Your goal: Begin at the line below that has "#210=CARTESIAN_POINT('',(8.91330308426185,-1.,0.));" and stop after the line that has "#232=ORIENTED_EDGE('',*,*,#189,.F.);". Please restate only those lines, word for word.

[Records excerpted from a collection]

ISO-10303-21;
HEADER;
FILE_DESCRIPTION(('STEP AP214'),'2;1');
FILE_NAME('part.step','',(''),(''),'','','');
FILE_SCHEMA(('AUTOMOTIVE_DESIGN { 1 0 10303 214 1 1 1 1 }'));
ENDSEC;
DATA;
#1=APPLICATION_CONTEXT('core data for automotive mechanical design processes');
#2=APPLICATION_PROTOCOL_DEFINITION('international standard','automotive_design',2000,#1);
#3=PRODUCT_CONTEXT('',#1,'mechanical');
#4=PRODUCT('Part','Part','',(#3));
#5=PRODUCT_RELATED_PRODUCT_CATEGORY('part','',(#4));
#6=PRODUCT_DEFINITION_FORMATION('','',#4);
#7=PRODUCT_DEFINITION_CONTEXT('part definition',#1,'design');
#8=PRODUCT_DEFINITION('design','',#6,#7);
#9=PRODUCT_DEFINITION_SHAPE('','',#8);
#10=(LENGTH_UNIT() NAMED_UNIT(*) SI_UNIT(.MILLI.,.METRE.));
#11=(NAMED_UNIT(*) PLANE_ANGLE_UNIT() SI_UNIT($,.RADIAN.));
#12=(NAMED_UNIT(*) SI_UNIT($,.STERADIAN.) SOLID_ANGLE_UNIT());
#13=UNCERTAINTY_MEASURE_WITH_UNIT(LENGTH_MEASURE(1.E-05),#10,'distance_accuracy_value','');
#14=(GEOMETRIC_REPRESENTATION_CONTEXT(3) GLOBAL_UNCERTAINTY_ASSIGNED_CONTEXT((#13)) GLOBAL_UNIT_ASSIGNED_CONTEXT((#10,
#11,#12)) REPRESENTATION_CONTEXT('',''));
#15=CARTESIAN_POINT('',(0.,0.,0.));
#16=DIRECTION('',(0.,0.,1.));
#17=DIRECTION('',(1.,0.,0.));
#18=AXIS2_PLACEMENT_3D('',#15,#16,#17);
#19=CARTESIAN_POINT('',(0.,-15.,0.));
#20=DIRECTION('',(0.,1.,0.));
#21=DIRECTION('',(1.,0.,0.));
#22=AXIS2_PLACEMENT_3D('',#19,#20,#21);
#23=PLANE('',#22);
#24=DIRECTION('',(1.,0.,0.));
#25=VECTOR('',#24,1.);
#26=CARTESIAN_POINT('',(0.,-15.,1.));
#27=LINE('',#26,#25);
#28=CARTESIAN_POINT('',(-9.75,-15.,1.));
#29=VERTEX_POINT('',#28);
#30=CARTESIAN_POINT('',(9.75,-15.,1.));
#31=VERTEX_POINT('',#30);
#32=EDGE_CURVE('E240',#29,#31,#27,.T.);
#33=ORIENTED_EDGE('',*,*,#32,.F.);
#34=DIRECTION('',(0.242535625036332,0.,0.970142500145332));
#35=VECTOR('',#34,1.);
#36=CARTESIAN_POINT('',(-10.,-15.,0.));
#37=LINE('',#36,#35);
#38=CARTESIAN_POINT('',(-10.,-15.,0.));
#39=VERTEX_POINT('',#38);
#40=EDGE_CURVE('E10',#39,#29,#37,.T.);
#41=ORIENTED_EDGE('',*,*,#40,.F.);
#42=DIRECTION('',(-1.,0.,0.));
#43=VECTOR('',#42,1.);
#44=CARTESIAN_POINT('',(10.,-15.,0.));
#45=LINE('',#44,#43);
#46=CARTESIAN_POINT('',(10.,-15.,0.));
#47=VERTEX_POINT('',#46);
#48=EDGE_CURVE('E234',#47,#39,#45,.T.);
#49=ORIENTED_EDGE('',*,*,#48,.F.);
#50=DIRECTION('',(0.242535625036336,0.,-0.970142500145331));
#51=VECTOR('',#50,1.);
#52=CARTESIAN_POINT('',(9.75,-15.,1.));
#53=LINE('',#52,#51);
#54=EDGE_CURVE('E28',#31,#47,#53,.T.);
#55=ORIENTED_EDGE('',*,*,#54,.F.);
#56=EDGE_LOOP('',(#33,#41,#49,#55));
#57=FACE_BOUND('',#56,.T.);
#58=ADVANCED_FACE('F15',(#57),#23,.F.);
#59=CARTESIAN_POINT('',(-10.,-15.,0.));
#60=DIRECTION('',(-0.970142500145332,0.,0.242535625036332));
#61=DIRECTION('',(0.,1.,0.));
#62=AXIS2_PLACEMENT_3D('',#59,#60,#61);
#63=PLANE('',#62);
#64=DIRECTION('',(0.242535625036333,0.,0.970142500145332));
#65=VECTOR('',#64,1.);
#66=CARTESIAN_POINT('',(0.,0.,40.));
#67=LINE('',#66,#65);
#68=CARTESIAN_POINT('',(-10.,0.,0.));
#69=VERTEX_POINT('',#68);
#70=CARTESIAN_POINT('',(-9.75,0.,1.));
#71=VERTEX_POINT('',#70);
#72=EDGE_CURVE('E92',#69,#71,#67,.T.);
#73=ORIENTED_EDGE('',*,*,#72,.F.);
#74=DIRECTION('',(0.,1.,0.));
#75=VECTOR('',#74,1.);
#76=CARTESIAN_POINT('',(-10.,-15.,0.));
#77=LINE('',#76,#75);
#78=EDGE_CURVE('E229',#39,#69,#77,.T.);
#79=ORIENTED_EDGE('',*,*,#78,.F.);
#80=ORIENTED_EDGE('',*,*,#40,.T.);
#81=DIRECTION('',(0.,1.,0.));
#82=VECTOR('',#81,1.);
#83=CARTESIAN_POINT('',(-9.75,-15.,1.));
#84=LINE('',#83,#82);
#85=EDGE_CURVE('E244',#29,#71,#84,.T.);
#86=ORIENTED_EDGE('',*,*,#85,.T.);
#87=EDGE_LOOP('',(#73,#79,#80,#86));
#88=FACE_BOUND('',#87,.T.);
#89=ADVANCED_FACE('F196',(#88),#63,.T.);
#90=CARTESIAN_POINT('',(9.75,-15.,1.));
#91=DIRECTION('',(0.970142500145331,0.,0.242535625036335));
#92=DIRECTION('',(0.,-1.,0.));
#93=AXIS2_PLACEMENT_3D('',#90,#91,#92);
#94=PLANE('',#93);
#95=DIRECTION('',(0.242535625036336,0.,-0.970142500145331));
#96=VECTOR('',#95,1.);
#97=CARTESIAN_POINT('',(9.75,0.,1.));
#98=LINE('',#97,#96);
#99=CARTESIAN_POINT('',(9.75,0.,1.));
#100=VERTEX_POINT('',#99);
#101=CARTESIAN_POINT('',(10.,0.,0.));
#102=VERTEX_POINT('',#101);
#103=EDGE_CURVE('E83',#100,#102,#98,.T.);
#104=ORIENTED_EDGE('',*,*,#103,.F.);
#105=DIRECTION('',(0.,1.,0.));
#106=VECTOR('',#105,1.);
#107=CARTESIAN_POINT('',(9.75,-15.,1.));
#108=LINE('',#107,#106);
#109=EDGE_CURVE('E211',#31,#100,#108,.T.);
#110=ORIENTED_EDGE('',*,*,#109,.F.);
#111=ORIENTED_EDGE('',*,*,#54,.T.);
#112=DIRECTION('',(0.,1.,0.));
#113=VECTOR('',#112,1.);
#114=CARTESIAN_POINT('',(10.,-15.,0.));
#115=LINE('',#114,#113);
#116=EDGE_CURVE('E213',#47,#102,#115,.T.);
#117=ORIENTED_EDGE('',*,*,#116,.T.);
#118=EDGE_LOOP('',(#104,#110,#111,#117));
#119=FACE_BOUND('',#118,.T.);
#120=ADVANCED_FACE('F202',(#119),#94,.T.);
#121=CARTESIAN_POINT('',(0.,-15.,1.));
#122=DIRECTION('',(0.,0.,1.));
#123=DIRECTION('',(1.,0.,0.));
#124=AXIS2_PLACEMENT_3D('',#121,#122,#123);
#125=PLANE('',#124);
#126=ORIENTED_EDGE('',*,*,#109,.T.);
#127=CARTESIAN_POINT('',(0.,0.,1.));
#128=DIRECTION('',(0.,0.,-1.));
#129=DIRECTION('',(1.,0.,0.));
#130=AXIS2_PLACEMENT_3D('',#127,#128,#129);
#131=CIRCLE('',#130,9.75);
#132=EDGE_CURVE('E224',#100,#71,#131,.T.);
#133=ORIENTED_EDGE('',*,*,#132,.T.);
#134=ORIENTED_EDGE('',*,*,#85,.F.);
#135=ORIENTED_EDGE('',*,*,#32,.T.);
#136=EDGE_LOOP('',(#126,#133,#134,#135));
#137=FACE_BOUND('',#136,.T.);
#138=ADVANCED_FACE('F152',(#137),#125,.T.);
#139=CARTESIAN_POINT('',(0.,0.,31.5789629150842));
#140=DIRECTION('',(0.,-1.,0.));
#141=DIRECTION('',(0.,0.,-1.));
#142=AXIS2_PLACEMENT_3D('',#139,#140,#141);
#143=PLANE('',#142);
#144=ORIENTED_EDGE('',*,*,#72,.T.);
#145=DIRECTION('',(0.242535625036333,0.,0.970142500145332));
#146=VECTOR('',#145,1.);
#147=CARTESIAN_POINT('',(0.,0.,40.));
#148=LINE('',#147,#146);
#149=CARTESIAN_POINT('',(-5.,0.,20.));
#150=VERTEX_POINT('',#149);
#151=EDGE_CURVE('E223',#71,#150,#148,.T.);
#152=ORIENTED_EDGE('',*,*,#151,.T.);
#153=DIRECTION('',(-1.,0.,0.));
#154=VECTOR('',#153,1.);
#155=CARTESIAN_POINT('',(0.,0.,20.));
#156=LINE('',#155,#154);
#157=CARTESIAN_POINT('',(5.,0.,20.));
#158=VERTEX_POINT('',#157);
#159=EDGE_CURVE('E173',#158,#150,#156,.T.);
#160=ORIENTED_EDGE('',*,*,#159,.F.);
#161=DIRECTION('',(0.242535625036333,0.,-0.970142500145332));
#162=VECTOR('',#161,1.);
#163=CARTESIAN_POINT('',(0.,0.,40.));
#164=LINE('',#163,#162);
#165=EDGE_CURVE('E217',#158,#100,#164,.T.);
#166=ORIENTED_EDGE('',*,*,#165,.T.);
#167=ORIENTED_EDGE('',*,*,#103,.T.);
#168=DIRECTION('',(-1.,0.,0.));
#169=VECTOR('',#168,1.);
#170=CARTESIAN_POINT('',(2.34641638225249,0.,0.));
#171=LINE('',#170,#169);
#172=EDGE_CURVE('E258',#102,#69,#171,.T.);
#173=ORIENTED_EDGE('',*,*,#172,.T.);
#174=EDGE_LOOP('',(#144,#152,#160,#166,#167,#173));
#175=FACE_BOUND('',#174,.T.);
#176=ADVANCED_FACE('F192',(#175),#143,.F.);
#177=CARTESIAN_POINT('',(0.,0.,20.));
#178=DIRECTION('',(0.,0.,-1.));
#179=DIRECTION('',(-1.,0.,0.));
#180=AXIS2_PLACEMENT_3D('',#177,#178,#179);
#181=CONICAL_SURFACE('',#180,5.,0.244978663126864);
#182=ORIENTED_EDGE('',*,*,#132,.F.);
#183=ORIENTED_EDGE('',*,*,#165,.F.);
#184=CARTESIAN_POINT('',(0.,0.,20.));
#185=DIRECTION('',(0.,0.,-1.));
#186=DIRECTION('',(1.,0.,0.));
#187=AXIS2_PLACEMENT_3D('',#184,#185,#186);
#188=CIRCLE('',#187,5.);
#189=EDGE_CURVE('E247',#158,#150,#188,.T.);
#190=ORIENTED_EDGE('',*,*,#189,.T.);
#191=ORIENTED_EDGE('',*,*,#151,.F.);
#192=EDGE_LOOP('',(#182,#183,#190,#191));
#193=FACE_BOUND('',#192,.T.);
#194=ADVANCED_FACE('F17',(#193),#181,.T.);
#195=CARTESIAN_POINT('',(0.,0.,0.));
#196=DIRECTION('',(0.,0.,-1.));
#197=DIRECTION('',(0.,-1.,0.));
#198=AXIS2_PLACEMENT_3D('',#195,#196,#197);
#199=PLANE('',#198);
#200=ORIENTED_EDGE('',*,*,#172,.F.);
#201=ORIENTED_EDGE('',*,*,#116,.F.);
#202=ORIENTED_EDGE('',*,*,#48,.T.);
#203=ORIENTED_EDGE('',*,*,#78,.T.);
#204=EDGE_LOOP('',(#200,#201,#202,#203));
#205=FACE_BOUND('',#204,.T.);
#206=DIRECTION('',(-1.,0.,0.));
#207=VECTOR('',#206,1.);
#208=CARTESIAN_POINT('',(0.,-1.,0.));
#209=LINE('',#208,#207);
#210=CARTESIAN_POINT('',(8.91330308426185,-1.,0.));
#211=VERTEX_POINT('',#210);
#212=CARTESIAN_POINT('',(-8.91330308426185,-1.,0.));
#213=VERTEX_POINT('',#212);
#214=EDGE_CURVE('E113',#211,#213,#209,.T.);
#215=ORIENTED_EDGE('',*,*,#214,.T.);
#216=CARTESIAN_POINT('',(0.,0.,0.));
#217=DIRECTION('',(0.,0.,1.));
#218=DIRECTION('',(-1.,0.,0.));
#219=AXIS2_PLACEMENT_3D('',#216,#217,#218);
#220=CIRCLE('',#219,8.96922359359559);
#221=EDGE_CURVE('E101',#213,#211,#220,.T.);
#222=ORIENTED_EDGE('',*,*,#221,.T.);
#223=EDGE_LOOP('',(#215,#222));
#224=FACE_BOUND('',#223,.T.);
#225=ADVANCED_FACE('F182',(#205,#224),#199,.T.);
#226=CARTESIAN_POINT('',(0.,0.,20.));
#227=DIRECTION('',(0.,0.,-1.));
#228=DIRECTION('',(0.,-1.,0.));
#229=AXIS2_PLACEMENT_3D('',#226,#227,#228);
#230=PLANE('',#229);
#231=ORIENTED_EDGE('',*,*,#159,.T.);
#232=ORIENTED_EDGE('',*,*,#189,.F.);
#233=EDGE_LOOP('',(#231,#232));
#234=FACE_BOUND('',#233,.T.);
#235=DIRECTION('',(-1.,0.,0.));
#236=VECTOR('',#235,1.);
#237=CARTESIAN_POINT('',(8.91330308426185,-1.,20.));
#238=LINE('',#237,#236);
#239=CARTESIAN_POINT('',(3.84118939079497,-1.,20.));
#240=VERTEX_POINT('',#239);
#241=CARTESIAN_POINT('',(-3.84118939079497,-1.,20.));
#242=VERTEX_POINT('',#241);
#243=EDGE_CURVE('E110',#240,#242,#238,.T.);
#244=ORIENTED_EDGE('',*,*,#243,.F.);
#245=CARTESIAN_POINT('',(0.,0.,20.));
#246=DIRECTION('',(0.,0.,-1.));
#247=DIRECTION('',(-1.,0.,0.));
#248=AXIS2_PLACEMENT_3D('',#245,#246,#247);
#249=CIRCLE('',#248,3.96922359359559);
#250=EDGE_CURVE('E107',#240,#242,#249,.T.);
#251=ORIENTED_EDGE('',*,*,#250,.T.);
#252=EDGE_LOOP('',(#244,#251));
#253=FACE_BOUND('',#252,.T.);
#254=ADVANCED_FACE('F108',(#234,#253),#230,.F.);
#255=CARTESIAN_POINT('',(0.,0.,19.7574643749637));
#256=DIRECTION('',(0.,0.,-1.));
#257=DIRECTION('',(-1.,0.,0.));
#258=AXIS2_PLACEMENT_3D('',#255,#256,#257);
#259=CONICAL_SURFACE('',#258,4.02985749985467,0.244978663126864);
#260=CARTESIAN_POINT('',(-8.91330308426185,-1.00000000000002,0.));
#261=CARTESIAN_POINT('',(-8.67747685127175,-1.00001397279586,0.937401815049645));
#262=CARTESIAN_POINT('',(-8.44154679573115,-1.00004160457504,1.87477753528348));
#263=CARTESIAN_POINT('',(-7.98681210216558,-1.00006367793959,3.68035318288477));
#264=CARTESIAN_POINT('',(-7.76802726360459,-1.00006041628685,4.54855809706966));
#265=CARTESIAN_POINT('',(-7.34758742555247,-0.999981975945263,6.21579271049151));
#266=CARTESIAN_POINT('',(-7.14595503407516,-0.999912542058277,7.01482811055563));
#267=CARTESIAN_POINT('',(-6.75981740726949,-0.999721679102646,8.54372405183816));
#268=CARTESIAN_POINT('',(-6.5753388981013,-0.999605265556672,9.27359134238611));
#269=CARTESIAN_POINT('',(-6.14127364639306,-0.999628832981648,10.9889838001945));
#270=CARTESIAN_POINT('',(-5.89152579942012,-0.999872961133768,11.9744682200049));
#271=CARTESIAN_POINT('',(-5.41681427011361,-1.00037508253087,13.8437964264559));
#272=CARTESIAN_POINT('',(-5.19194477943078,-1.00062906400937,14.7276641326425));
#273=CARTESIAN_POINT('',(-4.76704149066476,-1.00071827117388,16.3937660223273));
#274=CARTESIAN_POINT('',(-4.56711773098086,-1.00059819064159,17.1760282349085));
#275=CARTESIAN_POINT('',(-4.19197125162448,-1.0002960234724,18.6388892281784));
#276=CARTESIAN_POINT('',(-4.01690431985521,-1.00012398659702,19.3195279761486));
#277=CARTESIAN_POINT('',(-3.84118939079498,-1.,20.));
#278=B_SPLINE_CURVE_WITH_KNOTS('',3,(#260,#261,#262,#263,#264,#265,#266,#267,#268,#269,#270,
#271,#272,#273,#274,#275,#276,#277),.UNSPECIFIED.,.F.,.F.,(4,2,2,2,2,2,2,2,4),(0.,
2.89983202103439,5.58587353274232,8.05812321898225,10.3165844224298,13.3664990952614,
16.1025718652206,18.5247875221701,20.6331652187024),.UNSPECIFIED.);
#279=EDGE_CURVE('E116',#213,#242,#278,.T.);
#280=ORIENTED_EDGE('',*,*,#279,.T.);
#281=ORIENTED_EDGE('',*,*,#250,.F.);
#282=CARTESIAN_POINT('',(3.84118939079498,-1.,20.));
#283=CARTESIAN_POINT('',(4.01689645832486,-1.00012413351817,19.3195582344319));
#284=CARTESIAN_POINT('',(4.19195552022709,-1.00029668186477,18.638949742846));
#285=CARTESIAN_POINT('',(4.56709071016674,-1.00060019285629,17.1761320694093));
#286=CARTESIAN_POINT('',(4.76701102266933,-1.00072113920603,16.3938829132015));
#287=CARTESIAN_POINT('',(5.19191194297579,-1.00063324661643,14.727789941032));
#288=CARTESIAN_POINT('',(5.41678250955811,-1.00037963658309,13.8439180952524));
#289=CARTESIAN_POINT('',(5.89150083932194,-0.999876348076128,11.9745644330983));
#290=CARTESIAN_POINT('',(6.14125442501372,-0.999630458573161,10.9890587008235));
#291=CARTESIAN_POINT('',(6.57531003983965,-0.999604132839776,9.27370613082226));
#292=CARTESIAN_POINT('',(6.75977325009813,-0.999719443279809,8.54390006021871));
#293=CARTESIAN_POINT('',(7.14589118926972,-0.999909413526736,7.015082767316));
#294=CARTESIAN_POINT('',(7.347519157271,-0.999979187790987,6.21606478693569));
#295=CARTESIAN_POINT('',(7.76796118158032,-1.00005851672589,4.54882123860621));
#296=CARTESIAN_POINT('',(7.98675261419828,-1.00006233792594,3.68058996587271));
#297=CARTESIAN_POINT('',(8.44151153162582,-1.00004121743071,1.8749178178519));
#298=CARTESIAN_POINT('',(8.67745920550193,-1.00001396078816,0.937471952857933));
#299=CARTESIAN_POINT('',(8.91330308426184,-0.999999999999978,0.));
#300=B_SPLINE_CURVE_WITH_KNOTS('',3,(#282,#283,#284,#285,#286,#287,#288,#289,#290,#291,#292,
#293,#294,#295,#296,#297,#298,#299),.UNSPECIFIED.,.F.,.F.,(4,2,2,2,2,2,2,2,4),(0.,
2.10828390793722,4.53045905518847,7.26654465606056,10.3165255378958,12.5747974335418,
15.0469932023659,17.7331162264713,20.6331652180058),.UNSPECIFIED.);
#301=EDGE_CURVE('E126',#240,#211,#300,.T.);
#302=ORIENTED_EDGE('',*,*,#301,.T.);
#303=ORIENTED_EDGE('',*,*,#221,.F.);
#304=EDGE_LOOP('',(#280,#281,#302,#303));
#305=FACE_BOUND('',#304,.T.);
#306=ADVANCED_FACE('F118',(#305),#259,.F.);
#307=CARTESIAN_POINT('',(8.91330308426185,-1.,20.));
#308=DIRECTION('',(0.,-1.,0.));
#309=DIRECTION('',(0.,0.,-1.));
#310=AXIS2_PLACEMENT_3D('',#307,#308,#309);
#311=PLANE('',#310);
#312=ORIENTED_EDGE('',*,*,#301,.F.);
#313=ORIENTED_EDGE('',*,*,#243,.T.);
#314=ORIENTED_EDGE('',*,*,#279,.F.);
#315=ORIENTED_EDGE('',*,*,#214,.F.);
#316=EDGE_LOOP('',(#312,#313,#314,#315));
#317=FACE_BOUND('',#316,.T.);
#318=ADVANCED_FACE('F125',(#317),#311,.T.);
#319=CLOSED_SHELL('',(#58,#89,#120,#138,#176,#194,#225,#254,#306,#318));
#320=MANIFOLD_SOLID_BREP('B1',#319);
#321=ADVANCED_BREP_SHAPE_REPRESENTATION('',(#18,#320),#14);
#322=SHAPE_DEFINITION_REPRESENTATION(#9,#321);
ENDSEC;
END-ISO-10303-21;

Output for this exercise:
#210=CARTESIAN_POINT('',(8.91330308426185,-1.,0.));
#211=VERTEX_POINT('',#210);
#212=CARTESIAN_POINT('',(-8.91330308426185,-1.,0.));
#213=VERTEX_POINT('',#212);
#214=EDGE_CURVE('E113',#211,#213,#209,.T.);
#215=ORIENTED_EDGE('',*,*,#214,.T.);
#216=CARTESIAN_POINT('',(0.,0.,0.));
#217=DIRECTION('',(0.,0.,1.));
#218=DIRECTION('',(-1.,0.,0.));
#219=AXIS2_PLACEMENT_3D('',#216,#217,#218);
#220=CIRCLE('',#219,8.96922359359559);
#221=EDGE_CURVE('E101',#213,#211,#220,.T.);
#222=ORIENTED_EDGE('',*,*,#221,.T.);
#223=EDGE_LOOP('',(#215,#222));
#224=FACE_BOUND('',#223,.T.);
#225=ADVANCED_FACE('F182',(#205,#224),#199,.T.);
#226=CARTESIAN_POINT('',(0.,0.,20.));
#227=DIRECTION('',(0.,0.,-1.));
#228=DIRECTION('',(0.,-1.,0.));
#229=AXIS2_PLACEMENT_3D('',#226,#227,#228);
#230=PLANE('',#229);
#231=ORIENTED_EDGE('',*,*,#159,.T.);
#232=ORIENTED_EDGE('',*,*,#189,.F.);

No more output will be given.